**Problem to work on:** Repeat all entries word for word; skip images.

--- Information supplied ---

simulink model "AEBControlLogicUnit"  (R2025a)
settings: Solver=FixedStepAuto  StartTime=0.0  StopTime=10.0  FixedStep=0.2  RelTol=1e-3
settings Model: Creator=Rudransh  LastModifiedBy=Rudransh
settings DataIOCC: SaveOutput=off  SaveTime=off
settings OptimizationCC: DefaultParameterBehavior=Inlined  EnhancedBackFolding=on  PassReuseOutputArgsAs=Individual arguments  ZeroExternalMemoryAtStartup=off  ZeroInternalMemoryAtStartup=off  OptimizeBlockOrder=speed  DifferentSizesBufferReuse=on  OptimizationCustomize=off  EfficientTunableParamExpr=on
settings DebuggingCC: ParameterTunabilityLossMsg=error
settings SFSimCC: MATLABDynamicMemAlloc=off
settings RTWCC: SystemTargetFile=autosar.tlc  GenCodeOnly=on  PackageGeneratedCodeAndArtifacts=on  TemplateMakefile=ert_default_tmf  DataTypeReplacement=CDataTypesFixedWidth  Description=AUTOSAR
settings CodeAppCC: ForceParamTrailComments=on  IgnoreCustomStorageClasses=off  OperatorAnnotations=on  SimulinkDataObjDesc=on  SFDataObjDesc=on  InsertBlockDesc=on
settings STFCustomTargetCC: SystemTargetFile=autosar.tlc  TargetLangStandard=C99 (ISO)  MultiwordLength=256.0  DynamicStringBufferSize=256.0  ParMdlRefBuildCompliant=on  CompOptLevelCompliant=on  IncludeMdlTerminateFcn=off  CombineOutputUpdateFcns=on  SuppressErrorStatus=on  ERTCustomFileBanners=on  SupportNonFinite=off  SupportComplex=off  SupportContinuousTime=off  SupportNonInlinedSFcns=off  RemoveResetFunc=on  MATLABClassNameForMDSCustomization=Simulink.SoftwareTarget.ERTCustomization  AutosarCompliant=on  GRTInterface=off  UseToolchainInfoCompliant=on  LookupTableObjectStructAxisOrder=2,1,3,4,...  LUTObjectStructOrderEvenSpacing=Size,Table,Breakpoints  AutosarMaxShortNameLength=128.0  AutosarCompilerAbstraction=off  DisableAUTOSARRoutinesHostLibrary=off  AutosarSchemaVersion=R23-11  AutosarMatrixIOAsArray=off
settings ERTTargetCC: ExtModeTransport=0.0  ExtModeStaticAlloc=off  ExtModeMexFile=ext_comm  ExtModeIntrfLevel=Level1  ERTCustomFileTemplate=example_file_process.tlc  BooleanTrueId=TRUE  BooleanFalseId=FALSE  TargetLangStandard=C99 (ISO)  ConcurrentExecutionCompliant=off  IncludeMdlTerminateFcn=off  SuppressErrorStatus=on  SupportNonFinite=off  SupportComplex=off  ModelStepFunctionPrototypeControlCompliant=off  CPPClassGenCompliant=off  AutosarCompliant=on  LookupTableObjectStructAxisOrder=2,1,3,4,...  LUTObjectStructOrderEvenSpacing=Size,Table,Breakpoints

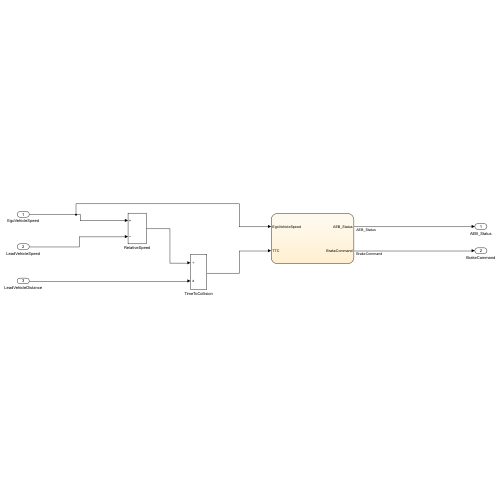
[thumbnail: Simulink's stored preview of the top-level diagram]
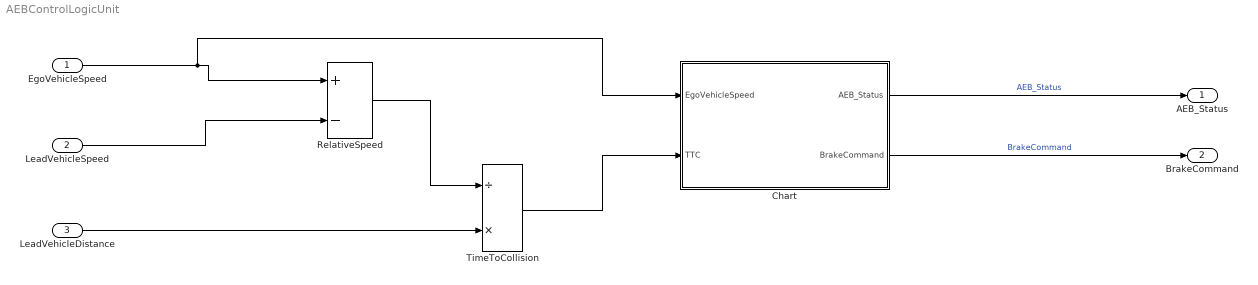
== system AEBControlLogicUnit ==
  EgoVehicleSpeed : Inport  OutDataTypeStr=double  PortDimensions=1  SampleTime=[0.20000000000000001,0]
  LeadVehicleSpeed : Inport  Port=2  OutDataTypeStr=double  PortDimensions=1  SampleTime=[0.20000000000000001,0]
  LeadVehicleDistance : Inport  Port=3  OutDataTypeStr=double  PortDimensions=1  SampleTime=[0.20000000000000001,0]
  Chart : Stateflow chart  TreatAsAtomicUnit=on
  RelativeSpeed : Sum  Inputs=+-
  TimeToCollision : Product  Inputs=/*
  AEB_Status : Outport  OutDataTypeStr=double  PortDimensions=1  SampleTime=[0.20000000000000001,0]
  BrakeCommand : Outport  Port=2  OutDataTypeStr=double  PortDimensions=1  SampleTime=[0.20000000000000001,0]
  wires:
  Chart/2(BrakeCommand) -> BrakeCommand/1  "BrakeCommand"
  Chart/1(AEB_Status) -> AEB_Status/1  "AEB_Status"
  EgoVehicleSpeed/1 -> RelativeSpeed/1, Chart/1(EgoVehicleSpeed)
  TimeToCollision/1 -> Chart/2(TTC)
  RelativeSpeed/1 -> TimeToCollision/1
  LeadVehicleSpeed/1 -> RelativeSpeed/2
  LeadVehicleDistance/1 -> TimeToCollision/2

== stateflow chart AEBControlLogicUnit/Chart ==
  state Safe
    entry: BrakeCommand = 0;
    AEB_Status = 0;
  state Warning
    entry: BrakeCommand = 0;
    AEB_Status = 1;
  state Braking
    entry: BrakeCommand = 1;
    AEB_Status = 2;
  (default) -> Safe
  Braking -> Safe : [EgoVehicleSpeed < 0.1]
  Safe -> Warning : [TTC < 2.5]
  Warning -> Safe [order 2] : [TTC >= 2.5]
  Warning -> Braking [order 1] : [TTC < 1.2]
  data: EgoVehicleSpeed input; AEB_Status output; BrakeCommand output; TTC input

---

**Response to this exercise:**
simulink model "AEBControlLogicUnit"  (R2025a)
settings: Solver=FixedStepAuto  StartTime=0.0  StopTime=10.0  FixedStep=0.2  RelTol=1e-3
settings Model: Creator=Rudransh  LastModifiedBy=Rudransh
settings DataIOCC: SaveOutput=off  SaveTime=off
settings OptimizationCC: DefaultParameterBehavior=Inlined  EnhancedBackFolding=on  PassReuseOutputArgsAs=Individual arguments  ZeroExternalMemoryAtStartup=off  ZeroInternalMemoryAtStartup=off  OptimizeBlockOrder=speed  DifferentSizesBufferReuse=on  OptimizationCustomize=off  EfficientTunableParamExpr=on
settings DebuggingCC: ParameterTunabilityLossMsg=error
settings SFSimCC: MATLABDynamicMemAlloc=off
settings RTWCC: SystemTargetFile=autosar.tlc  GenCodeOnly=on  PackageGeneratedCodeAndArtifacts=on  TemplateMakefile=ert_default_tmf  DataTypeReplacement=CDataTypesFixedWidth  Description=AUTOSAR
settings CodeAppCC: ForceParamTrailComments=on  IgnoreCustomStorageClasses=off  OperatorAnnotations=on  SimulinkDataObjDesc=on  SFDataObjDesc=on  InsertBlockDesc=on
settings STFCustomTargetCC: SystemTargetFile=autosar.tlc  TargetLangStandard=C99 (ISO)  MultiwordLength=256.0  DynamicStringBufferSize=256.0  ParMdlRefBuildCompliant=on  CompOptLevelCompliant=on  IncludeMdlTerminateFcn=off  CombineOutputUpdateFcns=on  SuppressErrorStatus=on  ERTCustomFileBanners=on  SupportNonFinite=off  SupportComplex=off  SupportContinuousTime=off  SupportNonInlinedSFcns=off  RemoveResetFunc=on  MATLABClassNameForMDSCustomization=Simulink.SoftwareTarget.ERTCustomization  AutosarCompliant=on  GRTInterface=off  UseToolchainInfoCompliant=on  LookupTableObjectStructAxisOrder=2,1,3,4,...  LUTObjectStructOrderEvenSpacing=Size,Table,Breakpoints  AutosarMaxShortNameLength=128.0  AutosarCompilerAbstraction=off  DisableAUTOSARRoutinesHostLibrary=off  AutosarSchemaVersion=R23-11  AutosarMatrixIOAsArray=off
settings ERTTargetCC: ExtModeTransport=0.0  ExtModeStaticAlloc=off  ExtModeMexFile=ext_comm  ExtModeIntrfLevel=Level1  ERTCustomFileTemplate=example_file_process.tlc  BooleanTrueId=TRUE  BooleanFalseId=FALSE  TargetLangStandard=C99 (ISO)  ConcurrentExecutionCompliant=off  IncludeMdlTerminateFcn=off  SuppressErrorStatus=on  SupportNonFinite=off  SupportComplex=off  ModelStepFunctionPrototypeControlCompliant=off  CPPClassGenCompliant=off  AutosarCompliant=on  LookupTableObjectStructAxisOrder=2,1,3,4,...  LUTObjectStructOrderEvenSpacing=Size,Table,Breakpoints

[thumbnail: Simulink's stored preview of the top-level diagram]
== system AEBControlLogicUnit ==
  EgoVehicleSpeed : Inport  OutDataTypeStr=double  PortDimensions=1  SampleTime=[0.20000000000000001,0]
  LeadVehicleSpeed : Inport  Port=2  OutDataTypeStr=double  PortDimensions=1  SampleTime=[0.20000000000000001,0]
  LeadVehicleDistance : Inport  Port=3  OutDataTypeStr=double  PortDimensions=1  SampleTime=[0.20000000000000001,0]
  Chart : Stateflow chart  TreatAsAtomicUnit=on
  RelativeSpeed : Sum  Inputs=+-
  TimeToCollision : Product  Inputs=/*
  AEB_Status : Outport  OutDataTypeStr=double  PortDimensions=1  SampleTime=[0.20000000000000001,0]
  BrakeCommand : Outport  Port=2  OutDataTypeStr=double  PortDimensions=1  SampleTime=[0.20000000000000001,0]
  wires:
  Chart/2(BrakeCommand) -> BrakeCommand/1  "BrakeCommand"
  Chart/1(AEB_Status) -> AEB_Status/1  "AEB_Status"
  EgoVehicleSpeed/1 -> RelativeSpeed/1, Chart/1(EgoVehicleSpeed)
  TimeToCollision/1 -> Chart/2(TTC)
  RelativeSpeed/1 -> TimeToCollision/1
  LeadVehicleSpeed/1 -> RelativeSpeed/2
  LeadVehicleDistance/1 -> TimeToCollision/2

== stateflow chart AEBControlLogicUnit/Chart ==
  state Safe
    entry: BrakeCommand = 0;
    AEB_Status = 0;
  state Warning
    entry: BrakeCommand = 0;
    AEB_Status = 1;
  state Braking
    entry: BrakeCommand = 1;
    AEB_Status = 2;
  (default) -> Safe
  Braking -> Safe : [EgoVehicleSpeed < 0.1]
  Safe -> Warning : [TTC < 2.5]
  Warning -> Safe [order 2] : [TTC >= 2.5]
  Warning -> Braking [order 1] : [TTC < 1.2]
  data: EgoVehicleSpeed input; AEB_Status output; BrakeCommand output; TTC input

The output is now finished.